Where we investigate charities

The Charity Commission for Northern Ireland has a statutory objective to ensure trustees comply with their legal obligations in managing charities and to promote public trust and confidence in charities more generally. We also have a statutory function to identify and investigate abuse and mismanagement in charities. We will do this in a number of ways through our compliance work:

Assessing concerns

All concerns will be referred to our Assessment Unit which applies the risk and proportionality framework for compliance work to decide the most appropriate and proportionate course of action.
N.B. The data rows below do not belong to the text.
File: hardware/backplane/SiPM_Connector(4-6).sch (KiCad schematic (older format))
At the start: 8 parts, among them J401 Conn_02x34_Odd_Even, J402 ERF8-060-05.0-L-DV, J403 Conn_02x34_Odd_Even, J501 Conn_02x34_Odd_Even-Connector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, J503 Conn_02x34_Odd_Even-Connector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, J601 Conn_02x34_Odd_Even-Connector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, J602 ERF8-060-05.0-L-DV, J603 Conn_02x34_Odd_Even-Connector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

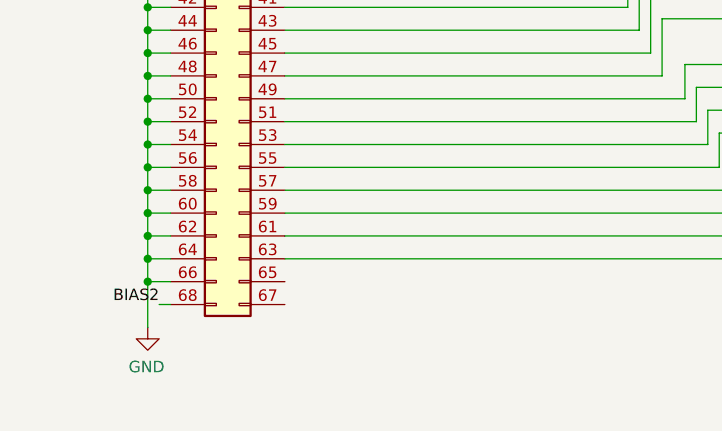
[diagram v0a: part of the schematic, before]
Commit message: Readout_FMC started
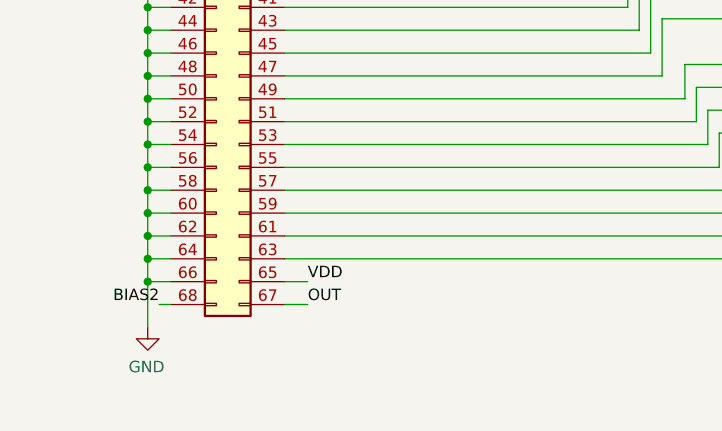
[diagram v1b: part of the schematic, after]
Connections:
- net OUT: now also J601.67 (Pin_67)
- net VDD: now also J601.65 (Pin_65)
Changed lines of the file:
@@
 	2050 4150 2050 4350
 $Comp
-L backplane-prototype-rescue:GND-power #PWR01
+L backplane-prototype-rescue:GND-power #PWR0107
 U 1 1 60B6FC2F
 P 2050 4350
-F 0 "#PWR01" H 2050 4100 50  0001 C CNN
+F 0 "#PWR0107" H 2050 4100 50  0001 C CNN
 F 1 "GND" H 2055 4177 50  0000 C CNN
 F 2 "" H 2050 4350 50  0001 C CNN
@@
 	8950 4150 8950 4350
 $Comp
-L backplane-prototype-rescue:GND-power #PWR06
+L backplane-prototype-rescue:GND-power #PWR0108
 U 1 1 60B6FC31
 P 8950 4350
-F 0 "#PWR06" H 8950 4100 50  0001 C CNN
+F 0 "#PWR0108" H 8950 4100 50  0001 C CNN
 F 1 "GND" H 8955 4177 50  0000 C CNN
 F 2 "" H 8950 4350 50  0001 C CNN
@@
 Connection ~ 6100 4600
 $Comp
-L backplane-prototype-rescue:GND-power #PWR0101
+L backplane-prototype-rescue:GND-power #PWR0109
 U 1 1 60B6FC33
 P 4900 13500
-F 0 "#PWR0101" H 4900 13250 50  0001 C CNN
+F 0 "#PWR0109" H 4900 13250 50  0001 C CNN
 F 1 "GND" H 4905 13327 50  0000 C CNN
 F 2 "" H 4900 13500 50  0001 C CNN
@@
 $EndComp
 $Comp
-L backplane-prototype-rescue:GND-power #PWR0102
+L backplane-prototype-rescue:GND-power #PWR0110
 U 1 1 63C65F05
 P 6100 13500
-F 0 "#PWR0102" H 6100 13250 50  0001 C CNN
+F 0 "#PWR0110" H 6100 13250 50  0001 C CNN
 F 1 "GND" H 6105 13327 50  0000 C CNN
 F 2 "" H 6100 13500 50  0001 C CNN
@@
 	2050 8700 2050 8900
 $Comp
-L backplane-prototype-rescue:GND-power #PWR?
+L backplane-prototype-rescue:GND-power #PWR0111
 U 1 1 63C65F08
 P 2050 8900
-F 0 "#PWR?" H 2050 8650 50  0001 C CNN
+F 0 "#PWR0111" H 2050 8650 50  0001 C CNN
 F 1 "GND" H 2055 8727 50  0000 C CNN
 F 2 "" H 2050 8900 50  0001 C CNN
@@
 	2050 13150 2050 13350
 $Comp
-L backplane-prototype-rescue:GND-power #PWR?
+L backplane-prototype-rescue:GND-power #PWR0112
 U 1 1 63C65F09
 P 2050 13350
-F 0 "#PWR?" H 2050 13100 50  0001 C CNN
+F 0 "#PWR0112" H 2050 13100 50  0001 C CNN
 F 1 "GND" H 2055 13177 50  0000 C CNN
 F 2 "" H 2050 13350 50  0001 C CNN
@@
 	8950 8700 8950 8900
 $Comp
-L backplane-prototype-rescue:GND-power #PWR?
+L backplane-prototype-rescue:GND-power #PWR0113
 U 1 1 63C65F0A
 P 8950 8900
-F 0 "#PWR?" H 8950 8650 50  0001 C CNN
+F 0 "#PWR0113" H 8950 8650 50  0001 C CNN
 F 1 "GND" H 8955 8727 50  0000 C CNN
 F 2 "" H 8950 8900 50  0001 C CNN
@@
 	8950 13150 8950 13350
 $Comp
-L backplane-prototype-rescue:GND-power #PWR?
+L backplane-prototype-rescue:GND-power #PWR0114
 U 1 1 63C65F0B
 P 8950 13350
-F 0 "#PWR?" H 8950 13100 50  0001 C CNN
+F 0 "#PWR0114" H 8950 13100 50  0001 C CNN
 F 1 "GND" H 8955 13177 50  0000 C CNN
 F 2 "" H 8950 13350 50  0001 C CNN
@@
 Wire Wire Line
 	8900 8800 8900 8900
+Text Label 2750 13150 0    50   ~ 0
+VDD
+Text Label 2750 13250 0    50   ~ 0
+OUT
+Wire Wire Line
+	2750 13250 2650 13250
+Wire Wire Line
+	2750 13150 2650 13150
 $EndSCHEMATC

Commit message: Backplane Layout Started
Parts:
- removed J401, J403: Conn_02x34_Odd_Even, Backplane-prototype:SAMTEC_CLM-134-02-F-D, symbol backplane-prototype-rescue:Conn_02x34_Odd_Even-Connector_Generic
- removed J402, J602: ERF8-060-05.0-L-DV, Backplane-prototype:ERF8-060-05.0-L-DV, symbol backplane-prototype-rescue:ERF8-060-XX.X-X-DV-ERF8-060-05.0-L-DV
- removed J501, J503, J601, J603: Conn_02x34_Odd_Even-Connector_Generic, symbol backplane-prototype-rescue:Conn_02x34_Odd_Even-Connector_Generic
- added J101, J103: Conn_02x34_Odd_Even, backplane:SAMTEC_CLM-134-02-F-D, symbol backplane-rescue:Conn_02x34_Odd_Even-Connector_Generic-backplane-prototype-resc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
- added J201, J203, J301, J303: Conn_02x34_Odd_Even-Connector_Generic, backplane:SAMTEC_CLM-134-02-F-D, symbol backplane-rescue:Conn_02x34_Odd_Even-Connector_Generic-backplane-prototype-resc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
- added J402, J602: ERF8-060-05.0-L-DV, backplane:ERF8-060-05.0-L-DV, symbol backplane-rescue:ERF8-060-XX.X-X-DV-ERF8-060-05.0-L-DV-backplane-prototype-resc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
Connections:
- net BCH0: now also J103.67 (Pin_67), J402.3
- net BCH1: now also J103.65 (Pin_65), J402.5
- net BCH10: now also J103.47 (Pin_47), J402.25
- net BCH11: now also J103.45 (Pin_45), J402.27
- net BCH12: now also J103.43 (Pin_43), J402.29
- net BCH13: now also J103.41 (Pin_41), J402.31
- net BCH14: now also J103.39 (Pin_39), J402.33
- net BCH15: now also J103.37 (Pin_37), J402.35
- net BCH16: now also J103.35 (Pin_35), J402.39
- net BCH17: now also J103.33 (Pin_33), J402.41
- net BCH18: now also J103.31 (Pin_31), J402.43
- net BCH19: now also J103.29 (Pin_29), J402.45
- net BCH2: now also J103.63 (Pin_63), J402.7
- net BCH20: now also J103.27 (Pin_27), J402.47
- net BCH21: now also J103.25 (Pin_25), J402.49
- net BCH22: now also J103.23 (Pin_23), J402.51
- net BCH23: now also J103.21 (Pin_21), J402.53
- net BCH24: now also J103.19 (Pin_19), J402.57
- net BCH25: now also J103.17 (Pin_17), J402.59
- net BCH26: now also J103.15 (Pin_15), J402.61
- net BCH27: now also J103.13 (Pin_13), J402.63
- net BCH28: now also J103.11 (Pin_11), J402.65
- net BCH29: now also J103.9 (Pin_9), J402.67
- net BCH3: now also J103.61 (Pin_61), J402.9
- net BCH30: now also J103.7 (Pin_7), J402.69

Carrying out investigations

Most problems in charities can be resolved by the charity trustees themselves, or simply by the Commission providing advice and guidance and without the need for us to open an investigation. However, where serious problems exist we may need to investigate this further. The Commission carries out two kinds of investigations: Non statutory investigations called Regulatory Compliance Cases and Statutory Inquiries. This section explains the circumstances in which we will open an investigation and what happens when we do so.

Working with other agencies, Regulators and departments

To regulate a diverse sector as effectively as possible we are building effective strategic and operational relationships with a range of other regulators, law enforcement and other government departments. Whilst we vigorously protect our independence, effective collaboration and joined up working is essential to effective regulation.

Monitoring charities

Regulatory oversight is one way in which we will investigate concerns about abuse and non-compliance in the sector. Our regulatory supervision and monitoring work will include appropriate and targeted scrutiny of accounts and ensuring actions trustees have promised to carry out to deal with problems have been completed.

Preventing abuse in the first place

An important part of our role is to help charities protect themselves by raising awareness of the risks to the sector and compliance requirements, and by providing targeted advice, guidance and support.

The Charity Commission has produced a useful report, “One hundred lessons to be learned”, following the 100th concern that it received in January 2012.
The report has been produced as a guide for charities, flagging up the common mistakes that have prompted many of the concerns about charities received by the Commission. The report is intended to benefit the charity sector by highlighting recurring problems within charities and helping them to get the basics right.